Of course, the poem and title conjure up the monologue and poem,”All the World’s a Stage,” in the play, As You Like It, by William Shakespeare:
All the world’s a stage, And all the men and women merely players; They have their exits and their entrances, And one man in his time plays many parts, His acts being seven ages. At first, the infant, Mewling and puking in the nurse’s arms. Then the whining schoolboy, with his satchel And shining morning face, creeping like snail Unwillingly to school. And then the lover, Sighing like furnace, with a woeful ballad Made to his mistress’ eyebrow. Then a soldier, Full of strange oaths and bearded like the pard, Jealous in honor, sudden and quick in quarrel, Seeking the bubble reputation Even in the cannon’s mouth. And then the justice, In fair round belly with good capon lined, With eyes severe and beard of formal cut, Full of wise saws and modern instances; And so he plays his part. The sixth age shifts Into the lean and slippered pantaloon, With spectacles on nose and pouch on side; His youthful hose, well saved, a world too wide For his shrunk shank, and his big manly voice, Turning again toward childish treble, pipes And whistles in his sound. Last scene of all, That ends this strange eventful history, Is second childishness and mere oblivion, Sans teeth, sans eyes, sans taste, sans everything.
Of course, if you are a playwright, everything looks like a stage…

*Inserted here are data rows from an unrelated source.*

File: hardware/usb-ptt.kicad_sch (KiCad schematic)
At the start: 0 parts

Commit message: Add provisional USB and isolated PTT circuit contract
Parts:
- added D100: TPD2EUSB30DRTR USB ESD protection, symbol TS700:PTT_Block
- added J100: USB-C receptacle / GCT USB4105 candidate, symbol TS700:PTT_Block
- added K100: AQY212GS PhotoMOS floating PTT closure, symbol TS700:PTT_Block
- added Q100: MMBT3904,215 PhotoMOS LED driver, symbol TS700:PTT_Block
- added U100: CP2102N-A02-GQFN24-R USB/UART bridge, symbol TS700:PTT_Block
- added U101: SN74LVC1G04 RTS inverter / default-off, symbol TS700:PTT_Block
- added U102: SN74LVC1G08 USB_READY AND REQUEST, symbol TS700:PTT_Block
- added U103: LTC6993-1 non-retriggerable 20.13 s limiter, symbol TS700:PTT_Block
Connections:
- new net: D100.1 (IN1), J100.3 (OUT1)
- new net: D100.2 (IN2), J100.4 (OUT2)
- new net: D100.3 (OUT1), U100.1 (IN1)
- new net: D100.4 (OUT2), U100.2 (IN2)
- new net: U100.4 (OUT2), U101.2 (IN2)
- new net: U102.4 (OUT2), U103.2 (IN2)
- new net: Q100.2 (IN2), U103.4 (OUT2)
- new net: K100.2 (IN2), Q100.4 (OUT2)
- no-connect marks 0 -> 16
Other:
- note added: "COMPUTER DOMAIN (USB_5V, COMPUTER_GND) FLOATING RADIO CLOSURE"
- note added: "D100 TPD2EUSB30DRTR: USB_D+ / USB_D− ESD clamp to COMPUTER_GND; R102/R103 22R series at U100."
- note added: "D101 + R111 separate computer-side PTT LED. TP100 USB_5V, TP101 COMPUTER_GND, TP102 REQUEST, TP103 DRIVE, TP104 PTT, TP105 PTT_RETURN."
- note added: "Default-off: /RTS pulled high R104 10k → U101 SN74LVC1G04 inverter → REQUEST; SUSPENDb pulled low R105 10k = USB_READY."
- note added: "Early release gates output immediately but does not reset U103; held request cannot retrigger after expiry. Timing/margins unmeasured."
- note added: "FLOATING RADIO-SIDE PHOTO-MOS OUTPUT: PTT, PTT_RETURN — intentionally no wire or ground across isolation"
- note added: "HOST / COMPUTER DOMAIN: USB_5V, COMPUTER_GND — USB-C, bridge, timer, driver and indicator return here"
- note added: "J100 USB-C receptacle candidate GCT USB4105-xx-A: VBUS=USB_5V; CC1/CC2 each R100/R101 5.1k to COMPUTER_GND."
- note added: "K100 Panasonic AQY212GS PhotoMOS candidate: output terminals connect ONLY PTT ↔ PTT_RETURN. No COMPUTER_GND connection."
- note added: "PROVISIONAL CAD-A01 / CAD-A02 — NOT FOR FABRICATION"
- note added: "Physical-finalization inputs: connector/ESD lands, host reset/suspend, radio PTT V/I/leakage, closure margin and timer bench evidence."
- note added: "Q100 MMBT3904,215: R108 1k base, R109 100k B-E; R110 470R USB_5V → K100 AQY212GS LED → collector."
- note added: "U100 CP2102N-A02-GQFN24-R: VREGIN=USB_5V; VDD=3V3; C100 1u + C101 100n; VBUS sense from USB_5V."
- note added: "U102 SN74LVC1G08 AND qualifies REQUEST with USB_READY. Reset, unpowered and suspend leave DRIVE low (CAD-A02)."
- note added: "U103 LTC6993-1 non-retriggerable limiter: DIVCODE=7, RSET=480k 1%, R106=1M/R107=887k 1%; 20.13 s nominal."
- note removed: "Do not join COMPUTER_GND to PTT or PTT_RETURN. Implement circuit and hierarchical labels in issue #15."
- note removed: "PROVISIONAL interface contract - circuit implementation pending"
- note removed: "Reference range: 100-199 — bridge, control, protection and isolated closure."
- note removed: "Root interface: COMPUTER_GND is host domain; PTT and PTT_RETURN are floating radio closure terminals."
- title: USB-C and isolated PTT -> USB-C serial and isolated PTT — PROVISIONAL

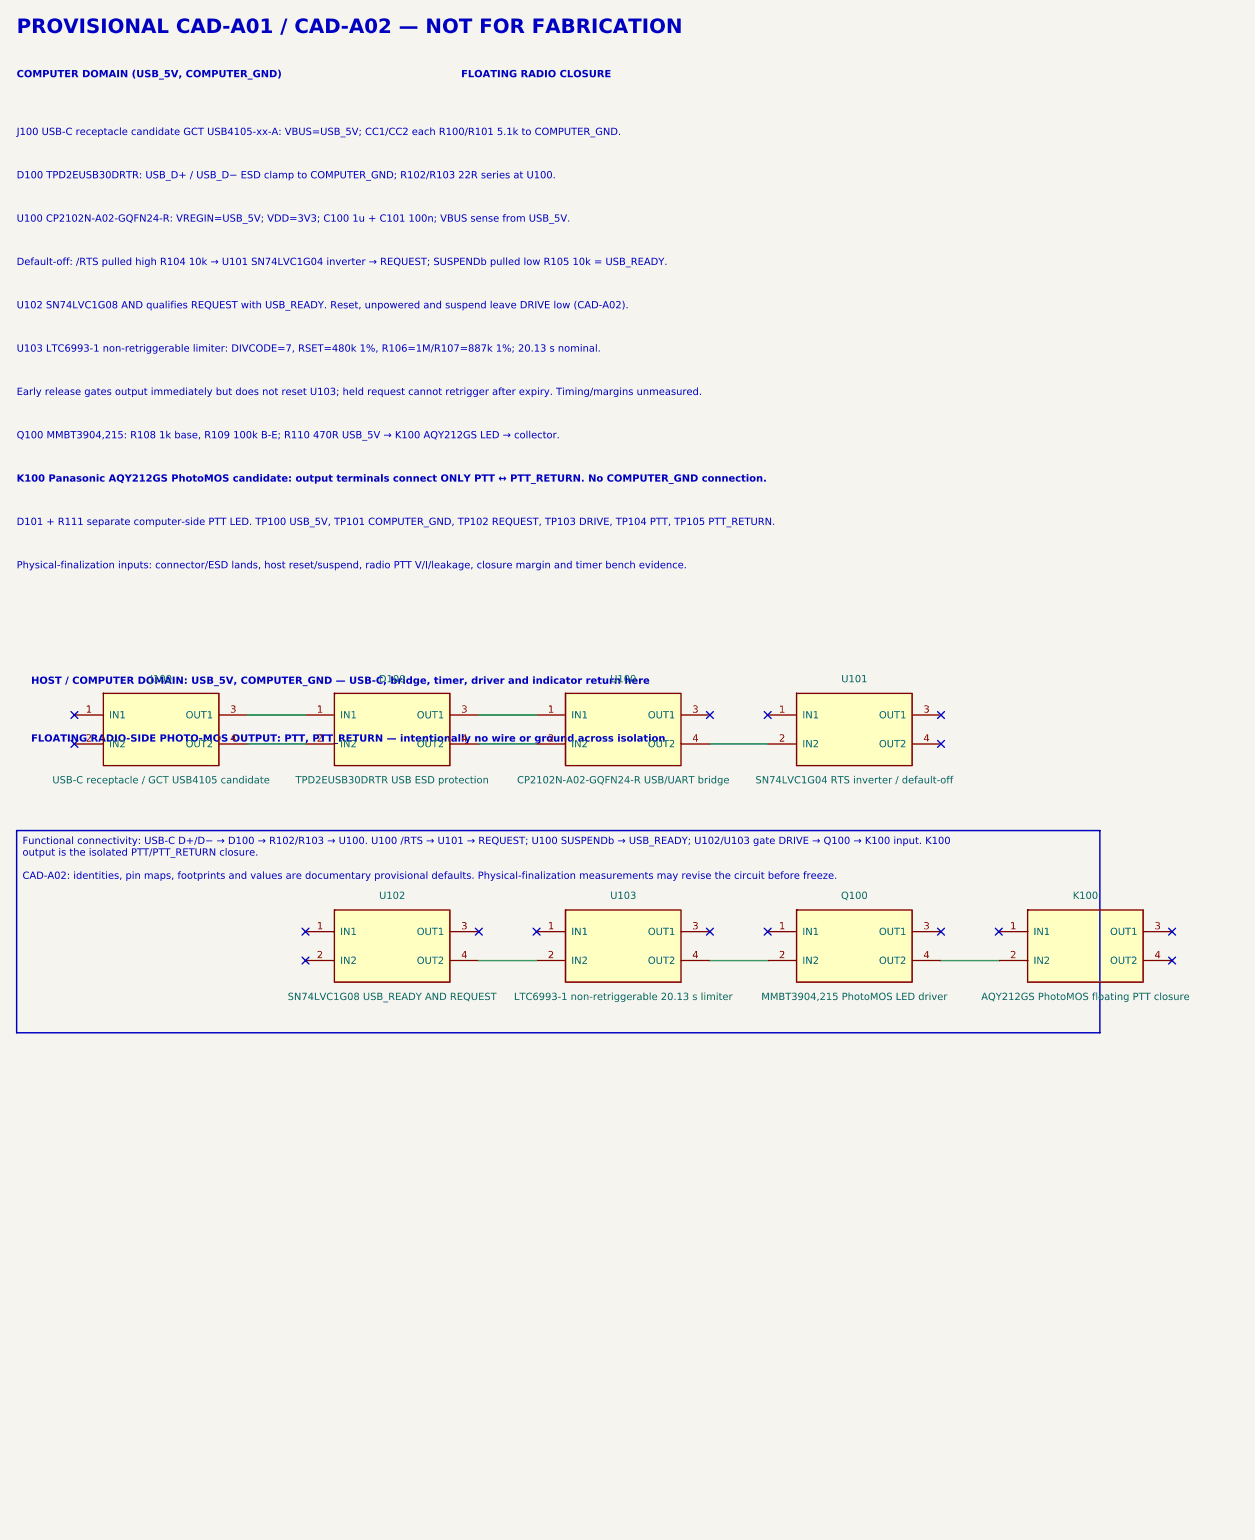
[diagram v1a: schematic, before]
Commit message: Use standard KiCad symbols for provisional USB PTT sheet
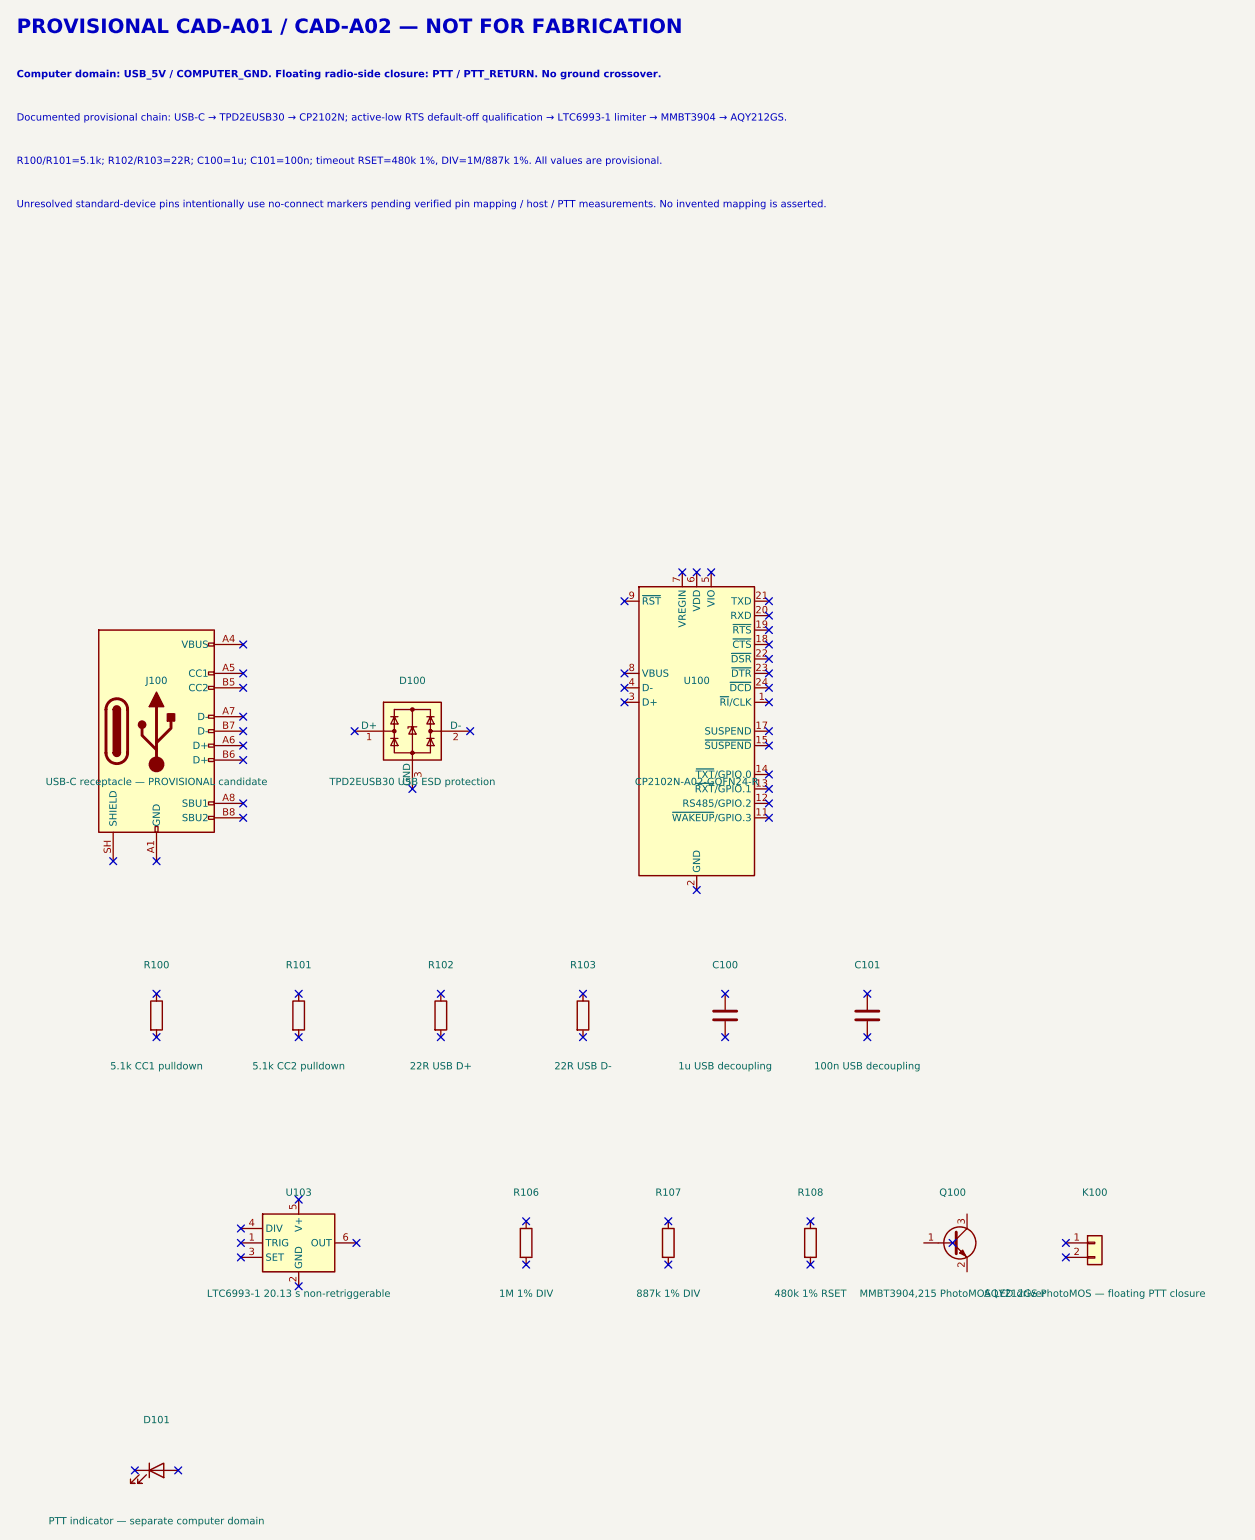
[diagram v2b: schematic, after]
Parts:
- removed D100: TPD2EUSB30DRTR USB ESD protection, symbol TS700:PTT_Block
- removed J100: USB-C receptacle / GCT USB4105 candidate, symbol TS700:PTT_Block
- removed K100: AQY212GS PhotoMOS floating PTT closure, symbol TS700:PTT_Block
- removed Q100: MMBT3904,215 PhotoMOS LED driver, symbol TS700:PTT_Block
- removed U100: CP2102N-A02-GQFN24-R USB/UART bridge, symbol TS700:PTT_Block
- removed U101: SN74LVC1G04 RTS inverter / default-off, symbol TS700:PTT_Block
- removed U102: SN74LVC1G08 USB_READY AND REQUEST, symbol TS700:PTT_Block
- removed U103: LTC6993-1 non-retriggerable 20.13 s limiter, symbol TS700:PTT_Block
- added C100: 1u USB decoupling, symbol Device:C
- added C101: 100n USB decoupling, symbol Device:C
- added D100: TPD2EUSB30 USB ESD protection, symbol Power_Protection:TPD2EUSB30
- added D101: PTT indicator — separate computer domain, symbol Device:LED
- added J100: USB-C receptacle — PROVISIONAL candidate, symbol Connector:USB_C_Receptacle_USB2.0_16P
- added K100: AQY212GS PhotoMOS — floating PTT closure, symbol Connector_Generic:Conn_01x02
- added Q100: MMBT3904,215 PhotoMOS LED driver, symbol Transistor_BJT:MMBT3904
- added R100: 5.1k CC1 pulldown, symbol Device:R
- added R101: 5.1k CC2 pulldown, symbol Device:R
- added R102: 22R USB D+, symbol Device:R
- added R103: 22R USB D-, symbol Device:R
- added R106: 1M 1% DIV, symbol Device:R
- added R107: 887k 1% DIV, symbol Device:R
- added R108: 480k 1% RSET, symbol Device:R
- added U100: CP2102N-A02-GQFN24-R, symbol Interface_USB:CP2102N-Axx-xQFN24
- added U103: LTC6993-1 20.13 s non-retriggerable, symbol Timer:LTC6993xS6-1
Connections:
- new net: J100.A1 (GND), J100.A12 (GND), J100.B1 (GND), J100.B12 (GND)
- new net: J100.A4 (VBUS), J100.A9 (VBUS), J100.B4 (VBUS), J100.B9 (VBUS)
- new net: U100.2 (GND), U100.25 (GND)
- no-connect marks 16 -> 65
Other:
- note added: "Computer domain: USB_5V / COMPUTER_GND. Floating radio-side closure: PTT / PTT_RETURN. No ground crossover."
- note added: "Documented provisional chain: USB-C → TPD2EUSB30 → CP2102N; active-low RTS default-off qualification → LTC6993-1 limiter → MMBT3904 → AQY212GS."
- note added: "R100/R101=5.1k; R102/R103=22R; C100=1u; C101=100n; timeout RSET=480k 1%, DIV=1M/887k 1%. All values are provisional."
- note added: "Unresolved standard-device pins intentionally use no-connect markers pending verified pin mapping / host / PTT measurements. No invented mapping is asserted."
- note removed: "COMPUTER DOMAIN (USB_5V, COMPUTER_GND) FLOATING RADIO CLOSURE"
- note removed: "D100 TPD2EUSB30DRTR: USB_D+ / USB_D− ESD clamp to COMPUTER_GND; R102/R103 22R series at U100."
- note removed: "D101 + R111 separate computer-side PTT LED. TP100 USB_5V, TP101 COMPUTER_GND, TP102 REQUEST, TP103 DRIVE, TP104 PTT, TP105 PTT_RETURN."
- note removed: "Default-off: /RTS pulled high R104 10k → U101 SN74LVC1G04 inverter → REQUEST; SUSPENDb pulled low R105 10k = USB_READY."
- note removed: "Early release gates output immediately but does not reset U103; held request cannot retrigger after expiry. Timing/margins unmeasured."
- note removed: "FLOATING RADIO-SIDE PHOTO-MOS OUTPUT: PTT, PTT_RETURN — intentionally no wire or ground across isolation"
- note removed: "HOST / COMPUTER DOMAIN: USB_5V, COMPUTER_GND — USB-C, bridge, timer, driver and indicator return here"
- note removed: "J100 USB-C receptacle candidate GCT USB4105-xx-A: VBUS=USB_5V; CC1/CC2 each R100/R101 5.1k to COMPUTER_GND."
- note removed: "K100 Panasonic AQY212GS PhotoMOS candidate: output terminals connect ONLY PTT ↔ PTT_RETURN. No COMPUTER_GND connection."
- note removed: "Physical-finalization inputs: connector/ESD lands, host reset/suspend, radio PTT V/I/leakage, closure margin and timer bench evidence."
- note removed: "Q100 MMBT3904,215: R108 1k base, R109 100k B-E; R110 470R USB_5V → K100 AQY212GS LED → collector."
- note removed: "U100 CP2102N-A02-GQFN24-R: VREGIN=USB_5V; VDD=3V3; C100 1u + C101 100n; VBUS sense from USB_5V."
- note removed: "U102 SN74LVC1G08 AND qualifies REQUEST with USB_READY. Reset, unpowered and suspend leave DRIVE low (CAD-A02)."
- note removed: "U103 LTC6993-1 non-retriggerable limiter: DIVCODE=7, RSET=480k 1%, R106=1M/R107=887k 1%; 20.13 s nominal."

Hope is a blood-borne pathogen The seed of martyrs Inflaming that allergy to injustice Present in us all Infected by a singular epiphany Of friend and foe Alike
I see hope as an irreducible reality in human nature. Just like “Truth, crushed to earth, will rise again” (William Cullen Bryant), hope is rooted in a realm that mere brute force or violence cannot destroy. Even in the face of deep despair and generations of disappointment, hope finds its way into our hearts. Hope rises like an infectious weed, out of control of the powers that be that rely on violence to grasp onto control. Trying to describe hope reminds of the description of love in the movie Shakespeare in Love: “Like a sickness and its cure together.” In this poem I use an analogy and metaphor of hope as an immune response by reality to injustice. Of course, viewing hope as an antidote or a poison or pathogen can be a matter of perspective. In the face of objectively crappy situations, hope can be viewed more cynically as Pollyannish. The blood of martyrs can be seen as a tragic waste or as fuel for hope and resistance to injustice. Hopes indefatigable nature can elicit respect and well…more hope. While I posit that hope has a mystical quality to it that cannot be banished, perhaps the closest I can get to capturing its essence is the last three lines of this poem where people are “infected” by a singular awareness that friend and foe are one, “alike.” I see hope emerging and growing where this epiphany takes root. For instance, I consider “Love your enemy as yourself” as Christianity’s greatest commandment. Jesus upgraded the Old Testament’s “love your neighbor” with this greatest of spiritual challenges:
“You have heard that it was said, `Love your neighbor and hate your enemy.’ But I tell you: Love your enemies and pray for those who persecute you, that you may be sons of your Father in heaven. He causes his sun to rise on the evil and the good, and sends rain on the righteous and the unrighteous. If you love those who love you, what reward will you get? Are not even the tax collectors doing that? And if you greet only your brothers, what are you doing more than others? Do not even pagans do that? Be perfect, therefore, as your heavenly Father is perfect.” (Matthew 5:43-48, NIV)
This is the greatest spiritual genius that I have ever seen! This strikes me as the most straightforward and simple way to encapsulate one of the most basic tensions in life: balancing self-interest with others’ interests. By explicitly linking these two, Jesus harnesses, leverages, and even redeems, the powerfully dangerous psychological dynamics of egocentricity and selfishness. No doubt, the trinity of hope, faith, and love is called upon to dare confront such a powerful challenge. Of course, the genius and simplicity of this formulation doesn’t make it easy. Though in it I find much hope, even infectious hope!